Beijing's Anti-Business Crackdown Hampered The Semiconductor Giant's IPO.
Key Sentence:
- Chinese electric car maker BYD plans to sell a stake in its computer chip manufacturing unit.
- The Unit has been scrapped as its latest share offering will be affected by Beijing's crackdown.
The announcement has been halted due to a regulatory investigation by the law firm advising the company.
The Nasdaq Shenzen ChiNext style roster plan was presented in May.
The shutdown comes amid broader industry regulation by Chinese authorities. Over the weekend, the Shenzhen Stock Exchange announced that law firm Beijing Tian Yuan, one of China's most prominent legal services firms, was under investigation for listing.
The company, which advice on BYD Semiconductor's planned IPO, is under investigation by China's Security Regulatory Commission but has not released further details.
BYD Semiconductor wants to raise at least $421 million ($309 million) through a stock sale. He plans to put the money back in business as global automakers grapple with a shortage of computer chips.

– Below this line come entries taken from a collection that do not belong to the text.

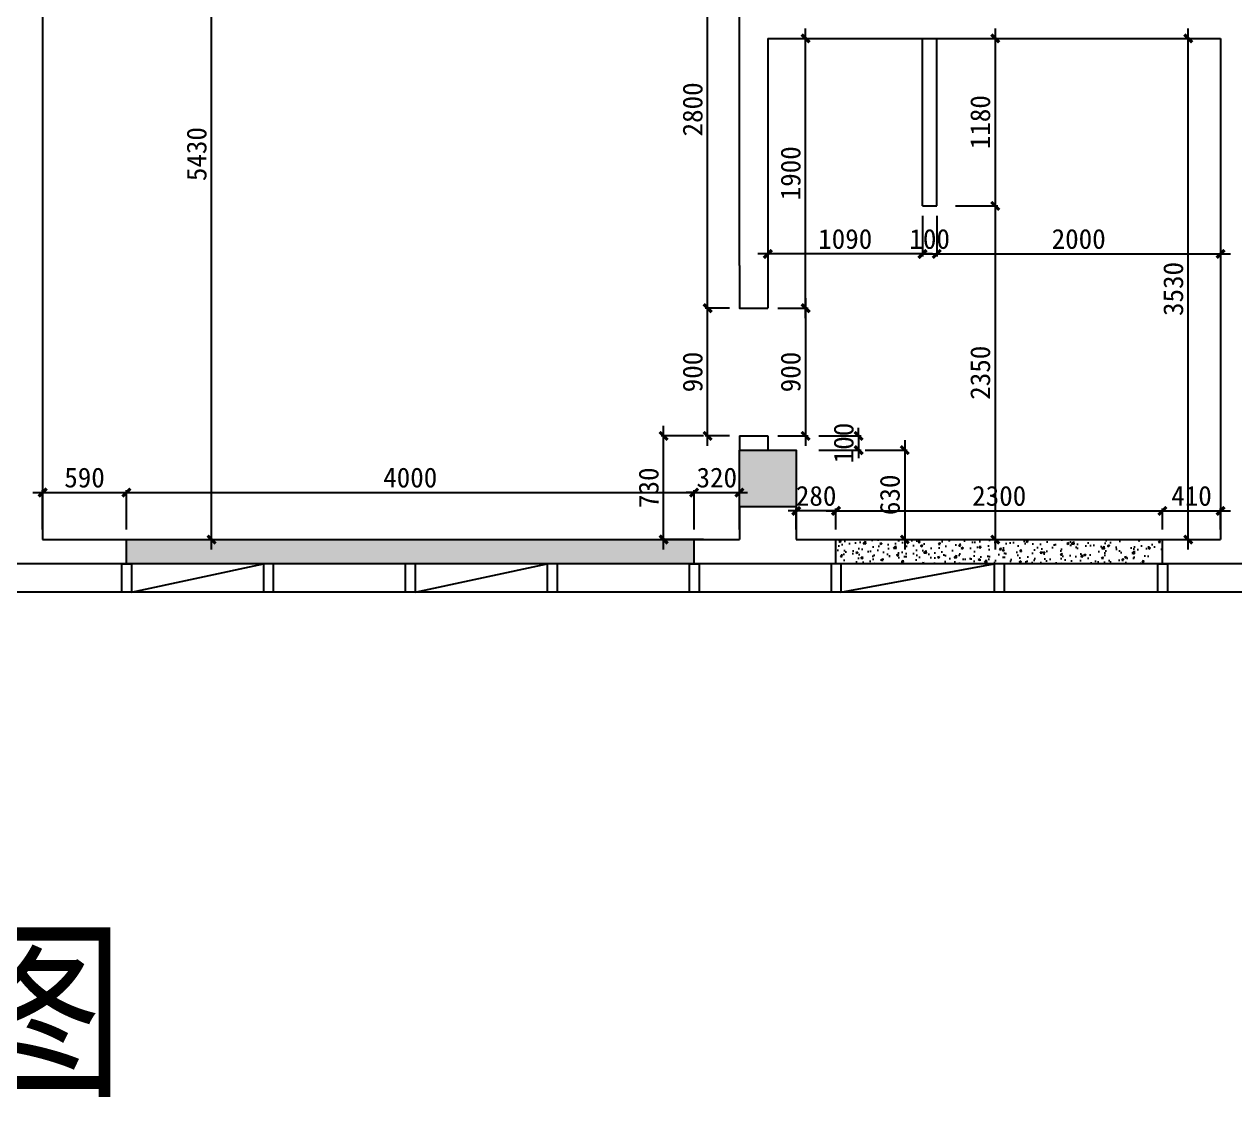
# Model space of a CAD drawing. Header units: millimetres. Extents: x 561810 to 956823, y -438984 to -391712.
# Drawn here: x 634470 to 643000, y -418565 to -411003 of the extents above; entities that cross this region are included whole.
import ezdxf

# ---------------------------------------------------------------- set-up
doc = ezdxf.new("R2010")
doc.units = ezdxf.units.MM
doc.header["$LTSCALE"] = 10
doc.header["$MEASUREMENT"] = 0
doc.layers.get('0').update_dxf_attribs({"linetype": 'CONTINUOUS'})
doc.layers.get('DEFPOINTS').update_dxf_attribs({"color": 1, "linetype": 'CONTINUOUS'})
for name, color, linetype in [('PUB_HATCH', 144, 'CONTINUOUS'), ('WALL', 7, 'CONTINUOUS'), ('WINDOW', 4, 'CONTINUOUS'), ('填充', 8, 'CONTINUOUS')]:
    doc.layers.add(name, color=color, linetype=linetype)
doc.styles.add('12', font='', dxfattribs={"width": 0.8})
doc.styles.add('施洛华标注样式', font='')
doc.styles.get('12').set_extended_font_data('SimSun')
doc.styles.get('施洛华标注样式').set_extended_font_data('SimSun')
doc.dimstyles.new('外标尺寸', dxfattribs={"dimscale": 70, "dimtxt": 3, "dimasz": 0.8, "dimexe": 0.25, "dimexo": 1, "dimgap": 0.5, "dimtad": 1, "dimdec": 0, "dimtxsty": '施洛华标注样式', "dimblk": 'ARCHTICK', "dimcen": 1.5, "dimdle": 1, "dimclrd": 250, "dimclre": 250, "dimclrt": 62, "dimadec": 0, "dimazin": 0, "dimtfac": 1, "dimtdec": 0, "dimtix": 1, "dimtmove": 1, "dimatfit": 3, "dimldrblk": 'ARCHTICK', "dimfxl": 0, "dimarcsym": 0})

# ---------------------------------------------------------------- blocks, each defined once
blk = doc.blocks.new('_ARCHTICK')
at = {"color": 0, "linetype": 'ByBlock', "const_width": 0.4}
blk.add_lwpolyline([(-0.5, -0.5), (0.5, 0.5)], dxfattribs=at)
blk = doc.blocks.new('*D724')
at = {"color": 250, "lineweight": -2}
for p, q in [((638976.1, -414702.8), (638976.1, -413832.8)), ((639256.1, -413902.8), (638958.6, -413902.8)), ((639256.1, -414632.8), (638958.6, -414632.8))]:
    blk.add_line(p, q, dxfattribs=at)
at = {"layer": 'DEFPOINTS', "color": 0}
for p in [(638976.1, -413902.8), (639510.5, -413902.8), (639510.5, -414632.8)]:
    blk.add_point(p, dxfattribs=at)
at = {"color": 250, "lineweight": -2, "xscale": 56, "yscale": 56, "zscale": 56}
for p, rotation in [((638976.1, -413902.8), 90), ((638976.1, -414632.8), 270)]:
    blk.add_blockref('_ARCHTICK', p, dxfattribs=dict(at, rotation=rotation))
at = {"color": 62, "insert": (638871.1, -414267.8), "char_height": 140, "attachment_point": 5, "rotation": 90, "style": '施洛华标注样式'}
blk.add_mtext('730', dxfattribs=at)
blk = doc.blocks.new('*D725')
at = {"color": 250, "lineweight": -2}
for p, q in [((639285.7, -413972.8), (639285.7, -412932.8)), ((639440.5, -413002.8), (639268.2, -413002.8)), ((639440.5, -413902.8), (639268.2, -413902.8))]:
    blk.add_line(p, q, dxfattribs=at)
at = {"layer": 'DEFPOINTS', "color": 0}
for p in [(639285.7, -413002.8), (639510.5, -413002.8), (639510.5, -413902.8)]:
    blk.add_point(p, dxfattribs=at)
at = {"color": 250, "lineweight": -2, "xscale": 56, "yscale": 56, "zscale": 56}
for p, rotation in [((639285.7, -413002.8), 90), ((639285.7, -413902.8), 270)]:
    blk.add_blockref('_ARCHTICK', p, dxfattribs=dict(at, rotation=rotation))
at = {"color": 62, "insert": (639180.7, -413452.8), "char_height": 140, "attachment_point": 5, "rotation": 90, "style": '施洛华标注样式'}
blk.add_mtext('900', dxfattribs=at)
blk = doc.blocks.new('*D726')
at = {"color": 250, "lineweight": -2}
for p, q in [((639440.5, -410202.8), (639268.2, -410202.8)), ((639285.7, -413072.8), (639285.7, -410132.8)), ((639440.5, -413002.8), (639268.2, -413002.8))]:
    blk.add_line(p, q, dxfattribs=at)
at = {"layer": 'DEFPOINTS', "color": 0}
for p in [(639285.7, -410202.8), (639510.5, -410202.8), (639510.5, -413002.8)]:
    blk.add_point(p, dxfattribs=at)
at = {"color": 250, "lineweight": -2, "xscale": 56, "yscale": 56, "zscale": 56}
for p, rotation in [((639285.7, -410202.8), 90), ((639285.7, -413002.8), 270)]:
    blk.add_blockref('_ARCHTICK', p, dxfattribs=dict(at, rotation=rotation))
at = {"color": 62, "insert": (639180.7, -411602.8), "char_height": 140, "attachment_point": 5, "rotation": 90, "style": '施洛华标注样式'}
blk.add_mtext('2800', dxfattribs=at)
blk = doc.blocks.new('*D729')
at = {"color": 250, "lineweight": -2}
for p, q in [((639710.5, -412352.8), (639710.5, -412638.7)), ((640800.5, -412352.8), (640800.5, -412638.7)), ((640870.5, -412621.2), (639640.5, -412621.2))]:
    blk.add_line(p, q, dxfattribs=at)
at = {"layer": 'DEFPOINTS', "color": 0}
for p in [(639710.5, -412282.8), (640800.5, -412282.8), (639710.5, -412621.2)]:
    blk.add_point(p, dxfattribs=at)
at = {"color": 250, "lineweight": -2, "xscale": 56, "yscale": 56, "zscale": 56, "rotation": 180}
blk.add_blockref('_ARCHTICK', (639710.5, -412621.2), dxfattribs=at)
at = {"color": 250, "lineweight": -2, "xscale": 56, "yscale": 56, "zscale": 56}
blk.add_blockref('_ARCHTICK', (640800.5, -412621.2), dxfattribs=at)
at = {"color": 62, "insert": (640255.5, -412516.2), "char_height": 140, "attachment_point": 5, "style": '施洛华标注样式'}
blk.add_mtext('1090', dxfattribs=at)
blk = doc.blocks.new('*D730')
at = {"color": 250, "lineweight": -2}
for p, q in [((640800.5, -412352.8), (640800.5, -412638.7)), ((640900.5, -412352.8), (640900.5, -412638.7)), ((640800.5, -412621.2), (640744.5, -412621.2)), ((640800.5, -412621.2), (640900.5, -412621.2)), ((640900.5, -412621.2), (640956.5, -412621.2))]:
    blk.add_line(p, q, dxfattribs=at)
at = {"layer": 'DEFPOINTS', "color": 0}
for p in [(640800.5, -412282.8), (640900.5, -412282.8), (640900.5, -412621.2)]:
    blk.add_point(p, dxfattribs=at)
at = {"color": 250, "lineweight": -2, "xscale": 56, "yscale": 56, "zscale": 56}
blk.add_blockref('_ARCHTICK', (640800.5, -412621.2), dxfattribs=at)
at = {"color": 250, "lineweight": -2, "xscale": 56, "yscale": 56, "zscale": 56, "rotation": 180}
blk.add_blockref('_ARCHTICK', (640900.5, -412621.2), dxfattribs=at)
at = {"color": 62, "insert": (640850.5, -412516.2), "char_height": 140, "attachment_point": 5, "style": '施洛华标注样式'}
blk.add_mtext('100', dxfattribs=at)
blk = doc.blocks.new('*D731')
at = {"color": 250, "lineweight": -2}
for p, q in [((640900.5, -412352.8), (640900.5, -412638.7)), ((642900.5, -412352.8), (642900.5, -412638.7)), ((640830.5, -412621.2), (642970.5, -412621.2))]:
    blk.add_line(p, q, dxfattribs=at)
at = {"layer": 'DEFPOINTS', "color": 0}
for p in [(640900.5, -412282.8), (642900.5, -412282.8), (642900.5, -412621.2)]:
    blk.add_point(p, dxfattribs=at)
at = {"color": 250, "lineweight": -2, "xscale": 56, "yscale": 56, "zscale": 56, "rotation": 180}
blk.add_blockref('_ARCHTICK', (640900.5, -412621.2), dxfattribs=at)
at = {"color": 250, "lineweight": -2, "xscale": 56, "yscale": 56, "zscale": 56}
blk.add_blockref('_ARCHTICK', (642900.5, -412621.2), dxfattribs=at)
at = {"color": 62, "insert": (641900.5, -412516.2), "char_height": 140, "attachment_point": 5, "style": '施洛华标注样式'}
blk.add_mtext('2000', dxfattribs=at)
blk = doc.blocks.new('*D732')
at = {"color": 250, "lineweight": -2}
for p, q in [((641312.5, -411032.8), (641312.5, -412352.8)), ((641032.5, -411102.8), (641330, -411102.8)), ((641032.5, -412282.8), (641330, -412282.8))]:
    blk.add_line(p, q, dxfattribs=at)
at = {"layer": 'DEFPOINTS', "color": 0}
for p in [(640900.5, -411102.8), (640850.5, -412282.8), (641312.5, -412282.8)]:
    blk.add_point(p, dxfattribs=at)
at = {"color": 250, "lineweight": -2, "xscale": 56, "yscale": 56, "zscale": 56}
for p, rotation in [((641312.5, -411102.8), 90), ((641312.5, -412282.8), 270)]:
    blk.add_blockref('_ARCHTICK', p, dxfattribs=dict(at, rotation=rotation))
at = {"color": 62, "insert": (641207.5, -411692.8), "char_height": 140, "attachment_point": 5, "rotation": 90, "style": '施洛华标注样式'}
blk.add_mtext('1180', dxfattribs=at)
blk = doc.blocks.new('*D733')
at = {"color": 250, "lineweight": -2}
for p, q in [((641312.5, -412212.8), (641312.5, -414702.8)), ((641032.5, -412282.8), (641330, -412282.8)), ((641032.5, -414632.8), (641330, -414632.8))]:
    blk.add_line(p, q, dxfattribs=at)
at = {"layer": 'DEFPOINTS', "color": 0}
for p in [(640900.5, -412282.8), (640900.5, -414632.8), (641312.5, -414632.8)]:
    blk.add_point(p, dxfattribs=at)
at = {"color": 250, "lineweight": -2, "xscale": 56, "yscale": 56, "zscale": 56}
for p, rotation in [((641312.5, -412282.8), 90), ((641312.5, -414632.8), 270)]:
    blk.add_blockref('_ARCHTICK', p, dxfattribs=dict(at, rotation=rotation))
at = {"color": 62, "insert": (641207.5, -413457.8), "char_height": 140, "attachment_point": 5, "rotation": 90, "style": '施洛华标注样式'}
blk.add_mtext('2350', dxfattribs=at)
blk = doc.blocks.new('*D734')
at = {"color": 250, "lineweight": -2}
for p, q in [((639976.3, -413072.8), (639976.3, -411032.8)), ((639780.5, -411102.8), (639993.8, -411102.8)), ((639780.5, -413002.8), (639993.8, -413002.8))]:
    blk.add_line(p, q, dxfattribs=at)
at = {"layer": 'DEFPOINTS', "color": 0}
for p in [(639710.5, -411102.8), (639976.3, -411102.8), (639710.5, -413002.8)]:
    blk.add_point(p, dxfattribs=at)
at = {"color": 250, "lineweight": -2, "xscale": 56, "yscale": 56, "zscale": 56}
for p, rotation in [((639976.3, -411102.8), 90), ((639976.3, -413002.8), 270)]:
    blk.add_blockref('_ARCHTICK', p, dxfattribs=dict(at, rotation=rotation))
at = {"color": 62, "insert": (639871.3, -412052.8), "char_height": 140, "attachment_point": 5, "rotation": 90, "style": '施洛华标注样式'}
blk.add_mtext('1900', dxfattribs=at)
blk = doc.blocks.new('*D735')
at = {"color": 250, "lineweight": -2}
for p, q in [((639976.3, -412932.8), (639976.3, -413972.8)), ((639780.5, -413002.8), (639993.8, -413002.8)), ((639780.5, -413902.8), (639993.8, -413902.8))]:
    blk.add_line(p, q, dxfattribs=at)
at = {"layer": 'DEFPOINTS', "color": 0}
for p in [(639710.5, -413002.8), (639710.5, -413902.8), (639976.3, -413902.8)]:
    blk.add_point(p, dxfattribs=at)
at = {"color": 250, "lineweight": -2, "xscale": 56, "yscale": 56, "zscale": 56}
for p, rotation in [((639976.3, -413002.8), 90), ((639976.3, -413902.8), 270)]:
    blk.add_blockref('_ARCHTICK', p, dxfattribs=dict(at, rotation=rotation))
at = {"color": 62, "insert": (639871.3, -413452.8), "char_height": 140, "attachment_point": 5, "rotation": 90, "style": '施洛华标注样式'}
blk.add_mtext('900', dxfattribs=at)
blk = doc.blocks.new('*D736')
at = {"color": 250, "lineweight": -2}
for p, q in [((640349.9, -413902.8), (640349.9, -413846.8)), ((640069.9, -413902.8), (640367.4, -413902.8)), ((640349.9, -413902.8), (640349.9, -414002.8)), ((640069.9, -414002.8), (640367.4, -414002.8)), ((640349.9, -414002.8), (640349.9, -414058.8))]:
    blk.add_line(p, q, dxfattribs=at)
at = {"layer": 'DEFPOINTS', "color": 0}
for p in [(639710.5, -413902.8), (639910.5, -414002.8), (640349.9, -414002.8)]:
    blk.add_point(p, dxfattribs=at)
at = {"color": 250, "lineweight": -2, "xscale": 56, "yscale": 56, "zscale": 56}
for p, rotation in [((640349.9, -413902.8), 270), ((640349.9, -414002.8), 90)]:
    blk.add_blockref('_ARCHTICK', p, dxfattribs=dict(at, rotation=rotation))
at = {"color": 62, "insert": (640244.9, -413952.8), "char_height": 140, "attachment_point": 5, "rotation": 90, "style": '施洛华标注样式'}
blk.add_mtext('100', dxfattribs=at)
blk = doc.blocks.new('*D737')
at = {"color": 250, "lineweight": -2}
for p, q in [((640675.5, -413932.8), (640675.5, -414702.8)), ((640395.5, -414002.8), (640693, -414002.8)), ((640395.5, -414632.8), (640693, -414632.8))]:
    blk.add_line(p, q, dxfattribs=at)
at = {"layer": 'DEFPOINTS', "color": 0}
for p in [(639910.5, -414002.8), (639910.5, -414632.8), (640675.5, -414632.8)]:
    blk.add_point(p, dxfattribs=at)
at = {"color": 250, "lineweight": -2, "xscale": 56, "yscale": 56, "zscale": 56}
for p, rotation in [((640675.5, -414002.8), 90), ((640675.5, -414632.8), 270)]:
    blk.add_blockref('_ARCHTICK', p, dxfattribs=dict(at, rotation=rotation))
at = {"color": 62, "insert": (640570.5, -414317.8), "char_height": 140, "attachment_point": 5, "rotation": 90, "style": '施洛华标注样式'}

Microcontrollers are essential components in modern cars and are used for everything from seats and windows to steering and anti-lock brakes. BYD Semiconductor competes directly with major chip manufacturers, including Germany's Infineon and Japan's Rohm Semiconductor.
According to market estimates, BYD is China's largest automaker and is backed by veteran US investor Warren Buffett. BYD is the latest Chinese company with final plans as Beijing tightens regulations on everything from tech giants to insurance companies.
New data protection law
Beijing introduced data protection, and China's highest legislature, the Standing Committee of the National People's Congress, passed an extensive new data protection law on Friday. The Personal Data Protection Act aims to strictly control data collection by technology companies and came into effect on November 1.
Several technology companies in China are facing privacy concerns.
Earlier this year, the country's Internet regulator ordered online stores not to offer Didi's app for illegally collecting users' data. It comes just two days after the company debuted on the New York Stock Exchange, and the stock fell sharply on the news.